In fact, ‘entropy’ comes in many different forms. Cosmic rays are particularly undesirable forms of entropy, micrometeorites more so, and then large asteroids and supernovas are just extremums on this same scale. There is always something. A planetary atmosphere and crust provides some nice free armor.
But anyway, I digress. I’m not even absolutely certain there will always be limiting factors, but I’d bet that way. I’d bet that in the long term rare materials are a limiting factor, energy cost is still a limiting factor—but mainly just in terms of energy costs of construction rather than operation, and isolation/cooling/protection is something of a limiting factor, but these may be looking at the problem in the wrong light.
Bigger limiting factors for future hyper-intelligences may be completely non-material—such as proximity to exiting knowledge/computational clusters, and ultimately—novelty (new information).
For example, you could compute a googleplex per second and still be the dumbest hyperintelligence on the block if you are stuck with only human sensory capacities and a slow, high latency connection to other hyperintelligences and knowledge sources.
I’ve thought a little more on how to assign a likelihood to known physics (bayesian evidence and a universal prior) and it led me to the inescapable conclusion that we are still a ways away from final physics. In fact, in the process I’ve been reading up more on QM and it led me to realize that whole tracts of it are .. on the wrong track.
The universal prior as applied to physics is a whole topic in of itself, but it is the best guiding principle as to what ultimate final physics will allow. Creation of baby universes is dependent on GR and a prediction of loop quantum gravity in particular, I haven’t gotten to those maths yet. A more basic first question might be something like—which is more a prior likely—analog or digital and by how much? I’m betting digital, but if analog is not ruled out by the UP it could allow for unlimited local computation in principle, as one example.
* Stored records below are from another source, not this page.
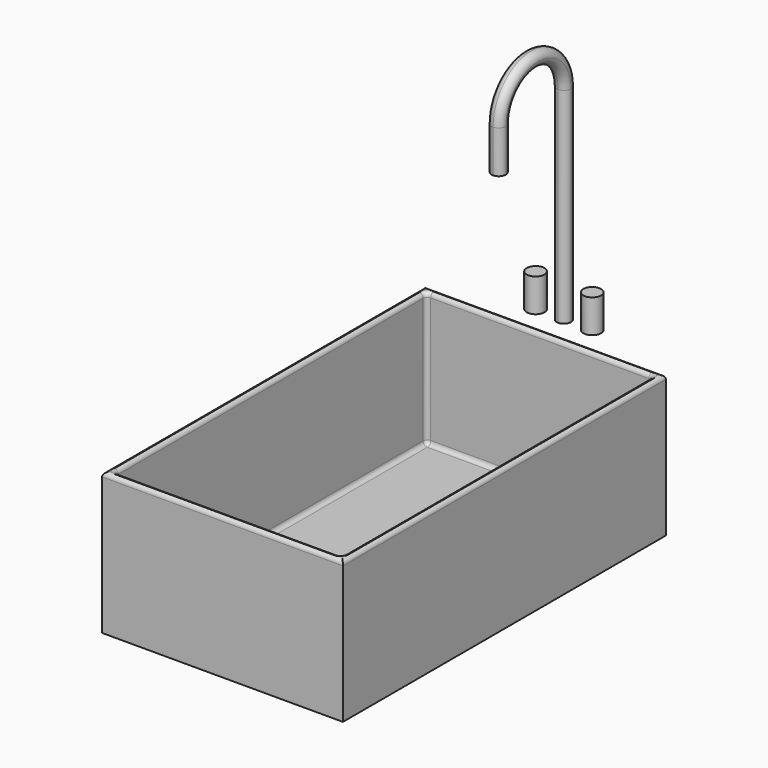
from build123d import *

# Parameters (mm, degrees)
F0_W         = 340
F0_H         = 570
F0_W_2       = 320
F0_H_2       = 550
F1_DEPTH     = 200
F2_W         = 340
F2_H         = 10.8207641169
F3_DEPTH     = 570
F4_T1_DEPTH  = 538
F4_T3_DEPTH  = 308
F4_T5_DEPTH  = 183.1792358831
F4_S9_W      = 6.12
F4_S9_H      = 6.12
F4_T10_DEPTH = 6.12
F4_S15_W     = 6.12
F4_S15_H     = 6.12
F4_T16_DEPTH = 6.12
F4_S21_W     = 6.12
F4_S21_H     = 6.12
F4_T22_DEPTH = 6.12
F4_S27_W     = 6.12
F4_S27_H     = 6.12
F4_T28_DEPTH = 6.12
F4_T31_DEPTH = 600
F4_T33_DEPTH = 370
F4_T35_DEPTH = 538
F4_T37_DEPTH = 308
F4_T40_ANGLE = 90
F4_T42_ANGLE = 90
F4_T44_ANGLE = 90
F4_T46_ANGLE = 90
F5_R         = 14.5871340725
F6_DEPTH     = 3
F12_R        = 12.5
F13_DEPTH    = 47


# Not quite as in the source:
# - a fillet or chamfer that OpenCascade refuses, or shapes differently, is made with other operations: its cross-section is extruded or revolved along the edge and cut away or added


with BuildPart() as f1:
    # F0 (on Top) → F1 (new body)
    with BuildSketch(Plane.XY):
        with Locations((152.4177306145, 254.675924629)):
            Rectangle(F0_W, F0_H)
        with Locations((152.4177306145, 254.675924629)):
            Rectangle(F0_W_2, F0_H_2, mode=Mode.SUBTRACT)
    extrude(amount=F1_DEPTH)

    # F2 (on face) → F3 (join, through all)
    with BuildSketch(Plane.XZ.offset(30.324075371)):
        with Locations((152.4177306145, 5.4103820585)):
            Rectangle(F2_W, F2_H)
    extrude(amount=-F3_DEPTH)

    # F4: fillet of radius 6 on 16 edges, made by hand

    # F4_s2 → F4_t1 (join)
    with BuildSketch(Plane.XZ.offset(-523.675924629)):
        with BuildLine():
            ThreePointArc((-1.5822693855, 10.8207641169), (-5.8249100726, 12.5781234298), (-7.5822693855, 16.8207641169))
            Line((-7.5822693855, 16.8207641169), (-7.7022693855, 16.8207641169))
            Line((-7.7022693855, 16.8207641169), (-7.7022693855, 10.7007641169))
            Line((-7.7022693855, 10.7007641169), (-1.5822693855, 10.7007641169))
            Line((-1.5822693855, 10.7007641169), (-1.5822693855, 10.8207641169))
        make_face()
        with BuildLine():
            ThreePointArc((306.4177306145, 10.8207641169), (310.6603713017, 12.5781234298), (312.4177306145, 16.8207641169))
            Line((312.4177306145, 16.8207641169), (312.5377306145, 16.8207641169))
            Line((312.5377306145, 16.8207641169), (312.5377306145, 10.7007641169))
            Line((312.5377306145, 10.7007641169), (306.4177306145, 10.7007641169))
            Line((306.4177306145, 10.7007641169), (306.4177306145, 10.8207641169))
        make_face()
    extrude(amount=F4_T1_DEPTH)

    # F4_s4 → F4_t3 (join)
    with BuildSketch(Plane.YZ.offset(-1.5822693855)):
        with BuildLine():
            ThreePointArc((523.675924629, 10.8207641169), (527.9185653161, 12.5781234298), (529.675924629, 16.8207641169))
            Line((529.675924629, 16.8207641169), (529.795924629, 16.8207641169))
            Line((529.795924629, 16.8207641169), (529.795924629, 10.7007641169))
            Line((529.795924629, 10.7007641169), (523.675924629, 10.7007641169))
            Line((523.675924629, 10.7007641169), (523.675924629, 10.8207641169))
        make_face()
        with BuildLine():
            ThreePointArc((-20.324075371, 16.8207641169), (-18.5667160581, 12.5781234298), (-14.324075371, 10.8207641169))
            Line((-14.324075371, 10.8207641169), (-14.324075371, 10.7007641169))
            Line((-14.324075371, 10.7007641169), (-20.444075371, 10.7007641169))
            Line((-20.444075371, 10.7007641169), (-20.444075371, 16.8207641169))
            Line((-20.444075371, 16.8207641169), (-20.324075371, 16.8207641169))
        make_face()
    extrude(amount=F4_T3_DEPTH)

    # F4_s6 → F4_t5 (join)
    with BuildSketch(Plane.XY.offset(16.8207641169)):
        with BuildLine():
            ThreePointArc((312.4177306145, 523.675924629), (310.6603713017, 527.9185653161), (306.4177306145, 529.675924629))
            Line((306.4177306145, 529.675924629), (306.4177306145, 529.795924629))
            Line((306.4177306145, 529.795924629), (312.5377306145, 529.795924629))
            Line((312.5377306145, 529.795924629), (312.5377306145, 523.675924629))
            Line((312.5377306145, 523.675924629), (312.4177306145, 523.675924629))
        make_face()
        with BuildLine():
            ThreePointArc((-1.5822693855, 529.675924629), (-5.8249100726, 527.9185653161), (-7.5822693855, 523.675924629))
            Line((-7.5822693855, 523.675924629), (-7.7022693855, 523.675924629))
            Line((-7.7022693855, 523.675924629), (-7.7022693855, 529.795924629))
            Line((-7.7022693855, 529.795924629), (-1.5822693855, 529.795924629))
            Line((-1.5822693855, 529.795924629), (-1.5822693855, 529.675924629))
        make_face()
        with BuildLine():
            ThreePointArc((-1.5822693855, -20.324075371), (-5.8249100726, -18.5667160581), (-7.5822693855, -14.324075371))
            Line((-7.5822693855, -14.324075371), (-7.7022693855, -14.324075371))
            Line((-7.7022693855, -14.324075371), (-7.7022693855, -20.444075371))
            Line((-7.7022693855, -20.444075371), (-1.5822693855, -20.444075371))
            Line((-1.5822693855, -20.444075371), (-1.5822693855, -20.324075371))
        make_face()
        with BuildLine():
            ThreePointArc((306.4177306145, -20.324075371), (310.6603713017, -18.5667160581), (312.4177306145, -14.324075371))
            Line((312.4177306145, -14.324075371), (312.5377306145, -14.324075371))
            Line((312.5377306145, -14.324075371), (312.5377306145, -20.444075371))
            Line((312.5377306145, -20.444075371), (306.4177306145, -20.444075371))
            Line((306.4177306145, -20.444075371), (306.4177306145, -20.324075371))
        make_face()
    extrude(amount=F4_T5_DEPTH)


with BuildPart() as f4_tool8:
    # F4_s9 → F4_t10 (new body)
    with BuildSketch(Plane.YZ.offset(-1.5822693855)):
        with Locations((-17.384075371, 13.7607641169)):
            Rectangle(F4_S9_W, F4_S9_H)
    extrude(amount=-F4_T10_DEPTH)

    # F4_s11 → F4_t12 (revolve, cut)
    with BuildSketch(Plane(origin=(-1.5822693855, -14.324075371, 16.8207641169), x_dir=(0, 0.7071067812, 0.7071067812), z_dir=(0, -0.7071067812, 0.7071067812))):
        with BuildLine():
            ThreePointArc((0, -6), (6, 0), (0, 6))
            Line((0, 6), (0, -6))
        make_face()
    revolve(axis=Axis((-1.5822693855, -14.324075371, 16.8207641169), (-1, 0, 0)), mode=Mode.SUBTRACT)


with BuildPart() as f1_1:
    add(f1.part)

    # F4_t7: union F4_tool8
    add(f4_tool8.part)


with BuildPart() as f4_tool14:
    # F4_s15 → F4_t16 (new body)
    with BuildSketch(Plane.YZ.offset(-1.5822693855)):
        with Locations((526.735924629, 13.7607641169)):
            Rectangle(F4_S15_W, F4_S15_H)
    extrude(amount=-F4_T16_DEPTH)

    # F4_s17 → F4_t18 (revolve, cut)
    with BuildSketch(Plane(origin=(-1.5822693855, 523.675924629, 16.8207641169), x_dir=(0, -0.7071067812, 0.7071067812), z_dir=(0, -0.7071067812, -0.7071067812))):
        with BuildLine():
            ThreePointArc((0, -6), (6, 0), (0, 6))
            Line((0, 6), (0, -6))
        make_face()
    revolve(axis=Axis((-1.5822693855, 523.675924629, 16.8207641169), (-1, 0, 0)), mode=Mode.SUBTRACT)


with BuildPart() as f1_2:
    add(f1_1.part)

    # F4_t13: union F4_tool14
    add(f4_tool14.part)


with BuildPart() as f4_tool20:
    # F4_s21 → F4_t22 (new body)
    with BuildSketch(Plane.XY.offset(16.8207641169)):
        with Locations((309.4777306145, 526.735924629)):
            Rectangle(F4_S21_W, F4_S21_H)
    extrude(amount=-F4_T22_DEPTH)

    # F4_s23 → F4_t24 (revolve, cut)
    with BuildSketch(Plane(origin=(306.4177306145, 523.675924629, 16.8207641169), x_dir=(-0.7071067812, -0.7071067812, 0), z_dir=(0.7071067812, -0.7071067812, 0))):
        with BuildLine():
            ThreePointArc((0, -6), (6, 0), (0, 6))
            Line((0, 6), (0, -6))
        make_face()
    revolve(axis=Axis((306.4177306145, 523.675924629, 16.8207641169), (0, 0, -1)), mode=Mode.SUBTRACT)


with BuildPart() as f1_3:
    add(f1_2.part)

    # F4_t19: union F4_tool20
    add(f4_tool20.part)


with BuildPart() as f4_tool26:
    # F4_s27 → F4_t28 (new body)
    with BuildSketch(Plane.XZ.offset(14.324075371)):
        with Locations((309.4777306145, 13.7607641169)):
            Rectangle(F4_S27_W, F4_S27_H)
    extrude(amount=F4_T28_DEPTH)

    # F4_s29 → F4_t30 (revolve, cut)
    with BuildSketch(Plane(origin=(306.4177306145, -14.324075371, 16.8207641169), x_dir=(-0.7071067812, 0, 0.7071067812), z_dir=(0.7071067812, 0, 0.7071067812))):
        with BuildLine():
            ThreePointArc((0, -6), (6, 0), (0, 6))
            Line((0, 6), (0, -6))
        make_face()
    revolve(axis=Axis((306.4177306145, -14.324075371, 16.8207641169), (0, -1, 0)), mode=Mode.SUBTRACT)


with BuildPart() as f1_4:
    add(f1_3.part)

    # F4_t25: union F4_tool26
    add(f4_tool26.part)

    # F4_s32 → F4_t31 (cut)
    with BuildSketch(Plane.XZ.offset(-554.675924629)):
        with BuildLine():
            ThreePointArc((-17.5822693855, 194), (-15.8249100726, 198.2426406871), (-11.5822693855, 200))
            Line((-11.5822693855, 200), (-11.5822693855, 200.12))
            Line((-11.5822693855, 200.12), (-17.7022693855, 200.12))
            Line((-17.7022693855, 200.12), (-17.7022693855, 194))
            Line((-17.7022693855, 194), (-17.5822693855, 194))
        make_face()
        with BuildLine():
            ThreePointArc((316.4177306145, 200), (320.6603713017, 198.2426406871), (322.4177306145, 194))
            Line((322.4177306145, 194), (322.5377306145, 194))
            Line((322.5377306145, 194), (322.5377306145, 200.12))
            Line((322.5377306145, 200.12), (316.4177306145, 200.12))
            Line((316.4177306145, 200.12), (316.4177306145, 200))
        make_face()
    extrude(amount=F4_T31_DEPTH, mode=Mode.SUBTRACT)

    # F4_s34 → F4_t33 (cut)
    with BuildSketch(Plane.YZ.offset(-32.5822693855)):
        with BuildLine():
            ThreePointArc((-24.324075371, 200), (-28.5667160581, 198.2426406871), (-30.324075371, 194))
            Line((-30.324075371, 194), (-30.444075371, 194))
            Line((-30.444075371, 194), (-30.444075371, 200.12))
            Line((-30.444075371, 200.12), (-24.324075371, 200.12))
            Line((-24.324075371, 200.12), (-24.324075371, 200))
        make_face()
        with BuildLine():
            ThreePointArc((539.675924629, 194), (537.9185653161, 198.2426406871), (533.675924629, 200))
            Line((533.675924629, 200), (533.675924629, 200.12))
            Line((533.675924629, 200.12), (539.795924629, 200.12))
            Line((539.795924629, 200.12), (539.795924629, 194))
            Line((539.795924629, 194), (539.675924629, 194))
        make_face()
    extrude(amount=F4_T33_DEPTH, mode=Mode.SUBTRACT)

    # F4_s36 → F4_t35 (cut)
    with BuildSketch(Plane.XZ.offset(-523.675924629)):
        with BuildLine():
            ThreePointArc((-13.5822693855, 200), (-9.3396286983, 198.2426406871), (-7.5822693855, 194))
            Line((-7.5822693855, 194), (-7.4622693855, 194))
            Line((-7.4622693855, 194), (-7.4622693855, 200.12))
            Line((-7.4622693855, 200.12), (-13.5822693855, 200.12))
            Line((-13.5822693855, 200.12), (-13.5822693855, 200))
        make_face()
        with BuildLine():
            ThreePointArc((318.4177306145, 200), (314.1750899274, 198.2426406871), (312.4177306145, 194))
            Line((312.4177306145, 194), (312.2977306145, 194))
            Line((312.2977306145, 194), (312.2977306145, 200.12))
            Line((312.2977306145, 200.12), (318.4177306145, 200.12))
            Line((318.4177306145, 200.12), (318.4177306145, 200))
        make_face()
    extrude(amount=F4_T35_DEPTH, mode=Mode.SUBTRACT)

    # F4_s38 → F4_t37 (cut)
    with BuildSketch(Plane.YZ.offset(-1.5822693855)):
        with BuildLine():
            ThreePointArc((535.675924629, 200), (531.4332839419, 198.2426406871), (529.675924629, 194))
            Line((529.675924629, 194), (529.555924629, 194))
            Line((529.555924629, 194), (529.555924629, 200.12))
            Line((529.555924629, 200.12), (535.675924629, 200.12))
            Line((535.675924629, 200.12), (535.675924629, 200))
        make_face()
        with BuildLine():
            ThreePointArc((-26.324075371, 200), (-22.0814346839, 198.2426406871), (-20.324075371, 194))
            Line((-20.324075371, 194), (-20.204075371, 194))
            Line((-20.204075371, 194), (-20.204075371, 200.12))
            Line((-20.204075371, 200.12), (-26.324075371, 200.12))
            Line((-26.324075371, 200.12), (-26.324075371, 200))
        make_face()
    extrude(amount=F4_T37_DEPTH, mode=Mode.SUBTRACT)

    # F4_s39 → F4_t40 (revolve, cut)
    with BuildSketch(Plane.YZ.offset(306.4177306145)):
        with BuildLine():
            ThreePointArc((-26.324075371, 200), (-22.0814346839, 198.2426406871), (-20.324075371, 194))
            Line((-20.324075371, 194), (-20.204075371, 194))
            Line((-20.204075371, 194), (-20.204075371, 200.12))
            Line((-20.204075371, 200.12), (-26.324075371, 200.12))
            Line((-26.324075371, 200.12), (-26.324075371, 200))
        make_face()
    revolve(axis=Axis((306.4177306145, -14.324075371, 200), (0, 0, 1)), revolution_arc=F4_T40_ANGLE, mode=Mode.SUBTRACT)

    # F4_s41 → F4_t42 (revolve, cut)
    with BuildSketch(Plane.YZ.offset(-1.5822693855)):
        with BuildLine():
            ThreePointArc((-26.324075371, 200), (-22.0814346839, 198.2426406871), (-20.324075371, 194))
            Line((-20.324075371, 194), (-20.204075371, 194))
            Line((-20.204075371, 194), (-20.204075371, 200.12))
            Line((-20.204075371, 200.12), (-26.324075371, 200.12))
            Line((-26.324075371, 200.12), (-26.324075371, 200))
        make_face()
    revolve(axis=Axis((-1.5822693855, -14.324075371, 200), (0, 0, -1)), revolution_arc=F4_T42_ANGLE, mode=Mode.SUBTRACT)

    # F4_s43 → F4_t44 (revolve, cut)
    with BuildSketch(Plane.XZ.offset(-523.675924629)):
        with BuildLine():
            ThreePointArc((318.4177306145, 200), (314.1750899274, 198.2426406871), (312.4177306145, 194))
            Line((312.4177306145, 194), (312.2977306145, 194))
            Line((312.2977306145, 194), (312.2977306145, 200.12))
            Line((312.2977306145, 200.12), (318.4177306145, 200.12))
            Line((318.4177306145, 200.12), (318.4177306145, 200))
        make_face()
    revolve(axis=Axis((306.4177306145, 523.675924629, 200), (0, 0, 1)), revolution_arc=F4_T44_ANGLE, mode=Mode.SUBTRACT)

    # F4_s45 → F4_t46 (revolve, cut)
    with BuildSketch(Plane.YZ.offset(-1.5822693855)):
        with BuildLine():
            ThreePointArc((535.675924629, 200), (531.4332839419, 198.2426406871), (529.675924629, 194))
            Line((529.675924629, 194), (529.555924629, 194))
            Line((529.555924629, 194), (529.555924629, 200.12))
            Line((529.555924629, 200.12), (535.675924629, 200.12))
            Line((535.675924629, 200.12), (535.675924629, 200))
        make_face()
    revolve(axis=Axis((-1.5822693855, 523.675924629, 200), (0, 0, 1)), revolution_arc=F4_T46_ANGLE, mode=Mode.SUBTRACT)

    # F5 (on face) → F6 (cut)
    with BuildSketch(Plane.XY.offset(10.8207641169)):
        with Locations((152.4177306145, 467.7632451057)):
            Circle(F5_R)
    extrude(amount=-F6_DEPTH, mode=Mode.SUBTRACT)


with BuildPart() as f11:
    # F11: sweep along a path in F10
    with BuildLine(Plane.YZ.offset(152.4177306145)) as f11_path:
        Line((572.175924629, 200), (572.175924629, 430))
        Line((572.175924629, 430), (572.175924629, 490))
        ThreePointArc((572.175924629, 490), (514.681654498, 547.494270131), (457.187384367, 490))
        Line((457.187384367, 490), (457.187384367, 430))
    # F8 (on offset) → F11 (sweep)
    with BuildSketch(Plane.XY.offset(200)):
        with BuildLine():
            ThreePointArc((152.4177306145, 582.175924629), (142.4177306145, 572.175924629), (152.4177306145, 562.175924629))
            Line((152.4177306145, 562.175924629), (152.4177306145, 582.175924629))
        make_face()
        with BuildLine():
            Line((152.4177306145, 582.175924629), (152.4177306145, 562.175924629))
            ThreePointArc((152.4177306145, 562.175924629), (159.4887984264, 565.1048568171), (162.4177306145, 572.175924629))
            ThreePointArc((162.4177306145, 572.175924629), (159.4887984264, 579.2469924408), (152.4177306145, 582.175924629))
        make_face()
    sweep(path=f11_path.line)


with BuildPart() as f13:
    # F12 (on offset) → F13 (new body)
    with BuildSketch(Plane.XY.offset(200)):
        with Locations((112.4177306145, 572.175924629)):
            Circle(F12_R)
    extrude(amount=F13_DEPTH)


with BuildPart() as f13b:
    # F12 (on offset) → F13, piece 2 (new body)
    with BuildSketch(Plane.XY.offset(200)):
        with Locations((192.4177306145, 572.175924629)):
            Circle(F12_R)
    extrude(amount=F13_DEPTH)


solid = Compound([f1_4.part, f11.part, f13.part, f13b.part])

That violates the second law of thermodynamics unless you discover an infinite heat sink, which requires a specific type of new physics.
This all depends on what is being limited by these factors, which is your values. If you value sentient life, you need computing power. If you value novelty and learning, you also need computing power, but there might be diminishing returns (of course, it is not inconsistent to value sentience with diminishing returns, though most humans who do are inconstant).
I’m skeptical of this. Can you show your work? I’m particularly doubtful of your opinions on QM, unless they’re based on some interesting point about induction, in which case I’m only as doubtful of that as I am of the rest of this paragraph.
No, the only thing baby universes and LQG have in common is that Lee Smolin studies them. He hypothesized baby universes not based on LQG, but because they allow a form of natural selection that has a chance of predicting life-filled universes without having to think about anthropic considerations. This seems like a horribly confused reason. The theory has no evidence in its favour, so it probability is not higher than its prior. In fact, according to Smolin’s Wikipedia page, it has been falsified by a discovery that the mass of the strange quark is not tuned for optimal black hole production.
If a prior prohibits an analog universe, than it is a suboptimal prior.